Dom Maryjny usytuowany w centrum Caracas, stolicy Wenezueli, działa już od kilku lat i jest utrzymywany przez Stowarzyszenie Prawdziwego Życia w Bogu w Wenezueli oraz Grupy Modlitewne TLIG. Dwudziestu wolontariuszy TLIG służy pomocą, poświęcając swój czas aby pomagać. Dom Maryjny karmi głodnych, daje lekcje czytanie i pisania dorosłym oraz dzieciom, umożliwia gościom skorzystanie z kąpieli oraz dostarcza czyste ubrania. Codziennie od poniedziałku do piątku wydawanych jest 350 posiłków. Pomoc medyczna oferowana jest dziennie około 40 osobom. Zapatrzenie w środki medyczne dotowane jest przez pracowników ambasady Stanów Zjednoczonych w Caracas.

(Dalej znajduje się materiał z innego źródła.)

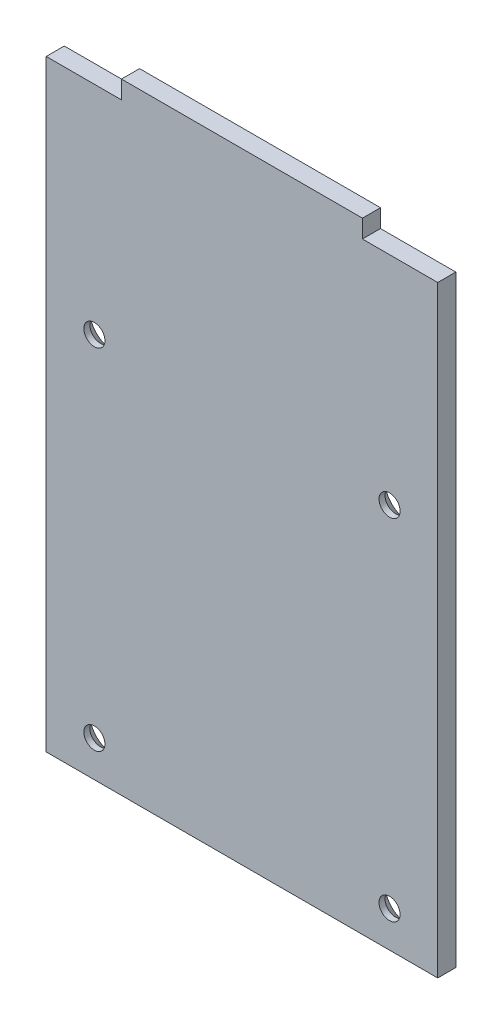
from build123d import *

# Parameters (mm, degrees)
SKETCH_1_W          = 40
SKETCH_1_H          = 3
EXTRUDE_1_DEPTH     = 3
SKETCH_2_R          = 1.75
CUT_EXTRUDE_1_DEPTH = 10
CHAMFER_1_SIZE      = 2


with BuildPart() as part:
    # Эскиз1 → Бобышка-Вытянуть1 (new body)
    with BuildSketch(Plane.XY):
        Polygon((-32.5, 50), (-32.5, -50), (32.5, -50), (32.5, 50), (20, 50), (20, 47), (-20, 47), (-20, 50), align=None)
        with Locations((0, 48.5)):
            Rectangle(SKETCH_1_W, SKETCH_1_H)
        with Locations((0, 51.5)):
            Rectangle(SKETCH_1_W, SKETCH_1_H)
    extrude(amount=EXTRUDE_1_DEPTH)

    # Эскиз2 → Вырез-Вытянуть1 (cut)
    with BuildSketch(Plane.XY.offset(3)):
        with Locations((-24.5, 14)):
            Circle(SKETCH_2_R)
        with Locations((24.5, 14)):
            Circle(SKETCH_2_R)
        with Locations((24.5, -44)):
            Circle(SKETCH_2_R)
        with Locations((-24.5, -44)):
            Circle(SKETCH_2_R)
    extrude(amount=-CUT_EXTRUDE_1_DEPTH, mode=Mode.SUBTRACT)

    # Фаска1
    chamfer_1_edges = [part.edges().sort_by_distance(p)[0] for p in [
        (-26.25, -44, 0),
        (22.75, -44, 0),
        (22.75, 14, 0),
        (-26.25, 14, 0),
    ]]
    chamfer(chamfer_1_edges, length=CHAMFER_1_SIZE)


solid = part.part

Pora lunchu w Domu Maryjnym
Czekając na swoją kolej do kąpieli
Ostatnio wolontariusze TLIG zorganizowali dzień Duchowego Skupieniach dla biednych, którzy odwiedzają Dom Maryjny, i zaprosili 4 dobrodusznych lekarzy, którzy zaoferowali biednym darmowe wsparcie medyczne. Było obecnych dwóch fryzjerów aby ostrzyc biednych w Domu Maryjnym. Wielu ludzi, którzy przychodzi po pomoc to starsi żebracy, którzy żyją na ulicach, powracając do Domu Maryjnego po jedyny posiłek jaki mogą spożyć i jedyną pomoc medyczną jaką mogą dostać. Wolontariusze TLIG zabierają ich do szpitala jeśli są w potrzebie pomocy medycznej.
Karmiąc potrzebujących
Świadectwo
Świadectwo opiekuna Domu Maryjnego o Gustavo Cardozo, 59 letnim żebraku
Gustavo przychodził do Domu Maryjnego od kiedy powstał, to jest od 4 lat. Właściwie nie opuścił ani jednego dnia. Od kiedy jest alkoholikiem, opowiada zawsze Benito, opiekunowi Domu Maryjnego, o swoich problemach a ten zawsze go słucha. Zwykle problemem jest fizyczny ból, zapalenie stóp i rąk. Żyje na ulicach i mieszka naprzeciw Domu Maryjnego, w Plaza Propatria. Proszono go oby był ostrożny ponieważ nocą grasują szajki morderców. Znaleziono 2 czy 3 biednych ludzi w pojemnikach na śmieci z 5 pociskami utkwionymi w szyi. W całym mieście było więcej niż 18 morderstw dokonanych nocą, a policja nic nie robi.
Gustavo mówi:
“To już 4 lata jak przychodzę tu jeść. Traktują mnie tu bardzo dobrze i czuję się nasycony. To prawie jedyny posiłek jaki jadam w ciągu dnia. Piję dużo, ale nie mogą tego uniknąć. W ten sposób nie czuję zimna nocą. Bardzo lubię ten dom i zawsze przychodzę tu zjeść, bo jak nie, to umarłbym z głodu. Nie mam rodziny. Dzięki Bogu i Maryi za to, że go mamy.”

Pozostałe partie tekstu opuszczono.